(Records from a dataset)
..........

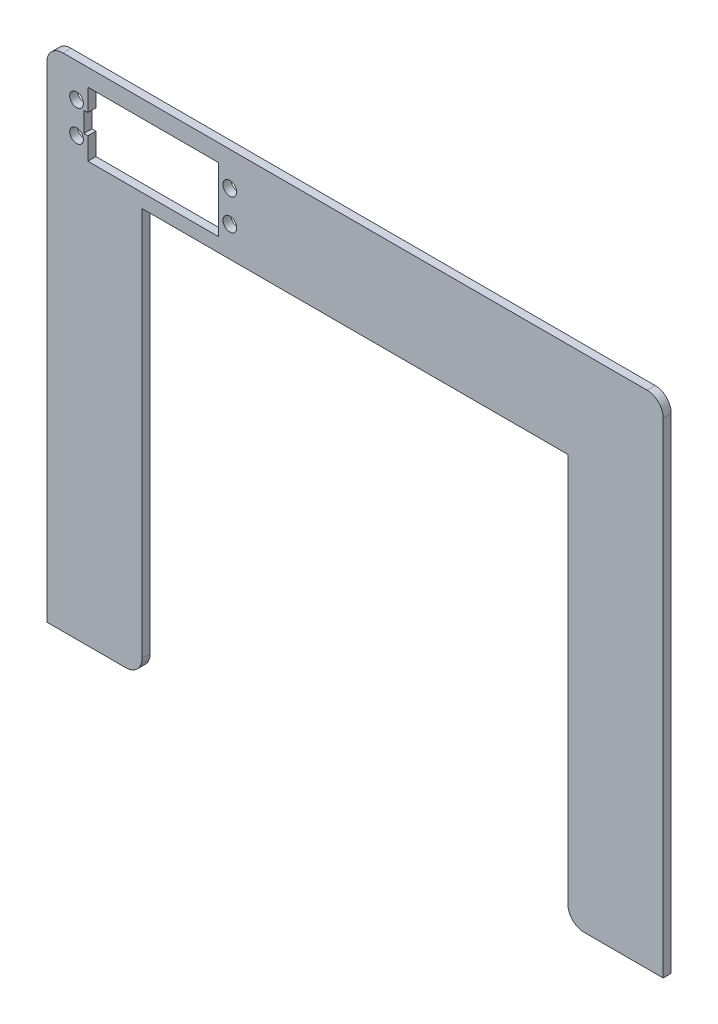
ISO-10303-21;
HEADER;
FILE_DESCRIPTION(('STEP AP214'),'2;1');
FILE_NAME('part.step','',(''),(''),'','','');
FILE_SCHEMA(('AUTOMOTIVE_DESIGN { 1 0 10303 214 1 1 1 1 }'));
ENDSEC;
DATA;
#1=APPLICATION_CONTEXT('core data for automotive mechanical design processes');
#2=APPLICATION_PROTOCOL_DEFINITION('international standard','automotive_design',2000,#1);
#3=PRODUCT_CONTEXT('',#1,'mechanical');
#4=PRODUCT('Part','Part','',(#3));
#5=PRODUCT_RELATED_PRODUCT_CATEGORY('part','',(#4));
#6=PRODUCT_DEFINITION_FORMATION('','',#4);
#7=PRODUCT_DEFINITION_CONTEXT('part definition',#1,'design');
#8=PRODUCT_DEFINITION('design','',#6,#7);
#9=PRODUCT_DEFINITION_SHAPE('','',#8);
#10=(LENGTH_UNIT() NAMED_UNIT(*) SI_UNIT(.MILLI.,.METRE.));
#11=(NAMED_UNIT(*) PLANE_ANGLE_UNIT() SI_UNIT($,.RADIAN.));
#12=(NAMED_UNIT(*) SI_UNIT($,.STERADIAN.) SOLID_ANGLE_UNIT());
#13=UNCERTAINTY_MEASURE_WITH_UNIT(LENGTH_MEASURE(1.E-05),#10,'distance_accuracy_value','');
#14=(GEOMETRIC_REPRESENTATION_CONTEXT(3) GLOBAL_UNCERTAINTY_ASSIGNED_CONTEXT((#13)) GLOBAL_UNIT_ASSIGNED_CONTEXT((#10,
#11,#12)) REPRESENTATION_CONTEXT('',''));
#15=CARTESIAN_POINT('',(0.,0.,0.));
#16=DIRECTION('',(0.,0.,1.));
#17=DIRECTION('',(1.,0.,0.));
#18=AXIS2_PLACEMENT_3D('',#15,#16,#17);
#19=CARTESIAN_POINT('',(-84.1083,73.4555,0.));
#20=DIRECTION('',(-1.,0.,0.));
#21=DIRECTION('',(0.,0.,1.));
#22=AXIS2_PLACEMENT_3D('',#19,#20,#21);
#23=PLANE('',#22);
#24=DIRECTION('',(0.,-1.,0.));
#25=VECTOR('',#24,1.);
#26=CARTESIAN_POINT('',(-84.1083,73.4555,2.54));
#27=LINE('',#26,#25);
#28=CARTESIAN_POINT('',(-84.1083,73.4555,2.54));
#29=VERTEX_POINT('',#28);
#30=CARTESIAN_POINT('',(-84.1083,66.534,2.54));
#31=VERTEX_POINT('',#30);
#32=EDGE_CURVE('E238',#29,#31,#27,.T.);
#33=ORIENTED_EDGE('',*,*,#32,.T.);
#34=DIRECTION('',(0.,0.,-1.));
#35=VECTOR('',#34,1.);
#36=CARTESIAN_POINT('',(-84.1083,66.534,0.));
#37=LINE('',#36,#35);
#38=CARTESIAN_POINT('',(-84.1083,66.534,0.));
#39=VERTEX_POINT('',#38);
#40=EDGE_CURVE('E11',#31,#39,#37,.T.);
#41=ORIENTED_EDGE('',*,*,#40,.T.);
#42=DIRECTION('',(0.,-1.,0.));
#43=VECTOR('',#42,1.);
#44=CARTESIAN_POINT('',(-84.1083,73.4555,0.));
#45=LINE('',#44,#43);
#46=CARTESIAN_POINT('',(-84.1083,73.4555,0.));
#47=VERTEX_POINT('',#46);
#48=EDGE_CURVE('E225',#47,#39,#45,.T.);
#49=ORIENTED_EDGE('',*,*,#48,.F.);
#50=DIRECTION('',(0.,0.,1.));
#51=VECTOR('',#50,1.);
#52=CARTESIAN_POINT('',(-84.1083,73.4555,0.));
#53=LINE('',#52,#51);
#54=EDGE_CURVE('E250',#47,#29,#53,.T.);
#55=ORIENTED_EDGE('',*,*,#54,.T.);
#56=EDGE_LOOP('',(#33,#41,#49,#55));
#57=FACE_BOUND('',#56,.T.);
#58=ADVANCED_FACE('F33',(#57),#23,.F.);
#59=CARTESIAN_POINT('',(-97.0433,-78.881,2.54));
#60=DIRECTION('',(1.,0.,0.));
#61=DIRECTION('',(0.,0.,-1.));
#62=AXIS2_PLACEMENT_3D('',#59,#60,#61);
#63=PLANE('',#62);
#64=DIRECTION('',(0.,-1.,0.));
#65=VECTOR('',#64,1.);
#66=CARTESIAN_POINT('',(-97.0433,-78.881,2.54));
#67=LINE('',#66,#65);
#68=CARTESIAN_POINT('',(-97.0433,73.801,2.54));
#69=VERTEX_POINT('',#68);
#70=CARTESIAN_POINT('',(-97.0433,-78.881,2.54));
#71=VERTEX_POINT('',#70);
#72=EDGE_CURVE('E259',#69,#71,#67,.T.);
#73=ORIENTED_EDGE('',*,*,#72,.F.);
#74=DIRECTION('',(0.,0.,-1.));
#75=VECTOR('',#74,1.);
#76=CARTESIAN_POINT('',(-97.0433,73.801,2.54));
#77=LINE('',#76,#75);
#78=CARTESIAN_POINT('',(-97.0433,73.801,0.));
#79=VERTEX_POINT('',#78);
#80=EDGE_CURVE('E331',#69,#79,#77,.T.);
#81=ORIENTED_EDGE('',*,*,#80,.T.);
#82=DIRECTION('',(0.,-1.,0.));
#83=VECTOR('',#82,1.);
#84=CARTESIAN_POINT('',(-97.0433,-78.881,0.));
#85=LINE('',#84,#83);
#86=CARTESIAN_POINT('',(-97.0433,-78.881,0.));
#87=VERTEX_POINT('',#86);
#88=EDGE_CURVE('E252',#79,#87,#85,.T.);
#89=ORIENTED_EDGE('',*,*,#88,.T.);
#90=DIRECTION('',(0.,0.,-1.));
#91=VECTOR('',#90,1.);
#92=CARTESIAN_POINT('',(-97.0433,-78.881,2.54));
#93=LINE('',#92,#91);
#94=EDGE_CURVE('E306',#71,#87,#93,.T.);
#95=ORIENTED_EDGE('',*,*,#94,.F.);
#96=EDGE_LOOP('',(#73,#81,#89,#95));
#97=FACE_BOUND('',#96,.T.);
#98=ADVANCED_FACE('F378',(#97),#63,.F.);
#99=CARTESIAN_POINT('',(-67.0433,-78.881,2.54));
#100=DIRECTION('',(0.,1.,0.));
#101=DIRECTION('',(-1.,0.,0.));
#102=AXIS2_PLACEMENT_3D('',#99,#100,#101);
#103=PLANE('',#102);
#104=DIRECTION('',(1.,0.,0.));
#105=VECTOR('',#104,1.);
#106=CARTESIAN_POINT('',(-67.0433,-78.881,0.));
#107=LINE('',#106,#105);
#108=CARTESIAN_POINT('',(-72.1233,-78.881,0.));
#109=VERTEX_POINT('',#108);
#110=EDGE_CURVE('E281',#87,#109,#107,.T.);
#111=ORIENTED_EDGE('',*,*,#110,.T.);
#112=DIRECTION('',(0.,0.,-1.));
#113=VECTOR('',#112,1.);
#114=CARTESIAN_POINT('',(-72.1233,-78.881,2.54));
#115=LINE('',#114,#113);
#116=CARTESIAN_POINT('',(-72.1233,-78.881,2.54));
#117=VERTEX_POINT('',#116);
#118=EDGE_CURVE('E342',#109,#117,#115,.F.);
#119=ORIENTED_EDGE('',*,*,#118,.T.);
#120=DIRECTION('',(1.,0.,0.));
#121=VECTOR('',#120,1.);
#122=CARTESIAN_POINT('',(-67.0433,-78.881,2.54));
#123=LINE('',#122,#121);
#124=EDGE_CURVE('E261',#71,#117,#123,.T.);
#125=ORIENTED_EDGE('',*,*,#124,.F.);
#126=ORIENTED_EDGE('',*,*,#94,.T.);
#127=EDGE_LOOP('',(#111,#119,#125,#126));
#128=FACE_BOUND('',#127,.T.);
#129=ADVANCED_FACE('F383',(#128),#103,.F.);
#130=CARTESIAN_POINT('',(-67.0433,48.881,2.54));
#131=DIRECTION('',(-1.,0.,0.));
#132=DIRECTION('',(0.,0.,1.));
#133=AXIS2_PLACEMENT_3D('',#130,#131,#132);
#134=PLANE('',#133);
#135=DIRECTION('',(0.,1.,0.));
#136=VECTOR('',#135,1.);
#137=CARTESIAN_POINT('',(-67.0433,48.881,2.54));
#138=LINE('',#137,#136);
#139=CARTESIAN_POINT('',(-67.0433,-73.801,2.54));
#140=VERTEX_POINT('',#139);
#141=CARTESIAN_POINT('',(-67.0433,48.881,2.54));
#142=VERTEX_POINT('',#141);
#143=EDGE_CURVE('E265',#140,#142,#138,.T.);
#144=ORIENTED_EDGE('',*,*,#143,.F.);
#145=DIRECTION('',(0.,0.,-1.));
#146=VECTOR('',#145,1.);
#147=CARTESIAN_POINT('',(-67.0433,-73.801,2.54));
#148=LINE('',#147,#146);
#149=CARTESIAN_POINT('',(-67.0433,-73.801,0.));
#150=VERTEX_POINT('',#149);
#151=EDGE_CURVE('E339',#140,#150,#148,.T.);
#152=ORIENTED_EDGE('',*,*,#151,.T.);
#153=DIRECTION('',(0.,1.,0.));
#154=VECTOR('',#153,1.);
#155=CARTESIAN_POINT('',(-67.0433,48.881,0.));
#156=LINE('',#155,#154);
#157=CARTESIAN_POINT('',(-67.0433,48.881,0.));
#158=VERTEX_POINT('',#157);
#159=EDGE_CURVE('E284',#150,#158,#156,.T.);
#160=ORIENTED_EDGE('',*,*,#159,.T.);
#161=DIRECTION('',(0.,0.,-1.));
#162=VECTOR('',#161,1.);
#163=CARTESIAN_POINT('',(-67.0433,48.881,2.54));
#164=LINE('',#163,#162);
#165=EDGE_CURVE('E303',#142,#158,#164,.T.);
#166=ORIENTED_EDGE('',*,*,#165,.F.);
#167=EDGE_LOOP('',(#144,#152,#160,#166));
#168=FACE_BOUND('',#167,.T.);
#169=ADVANCED_FACE('F420',(#168),#134,.F.);
#170=CARTESIAN_POINT('',(67.0433,48.881,2.54));
#171=DIRECTION('',(0.,1.,0.));
#172=DIRECTION('',(0.,0.,1.));
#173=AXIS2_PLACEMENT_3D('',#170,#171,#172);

..........

Return exactly the lines of the data, and only those, from the line with "#171=DIRECTION('',(0.,1.,0.));" through the last line, inclusive.

#171=DIRECTION('',(0.,1.,0.));
#172=DIRECTION('',(0.,0.,1.));
#173=AXIS2_PLACEMENT_3D('',#170,#171,#172);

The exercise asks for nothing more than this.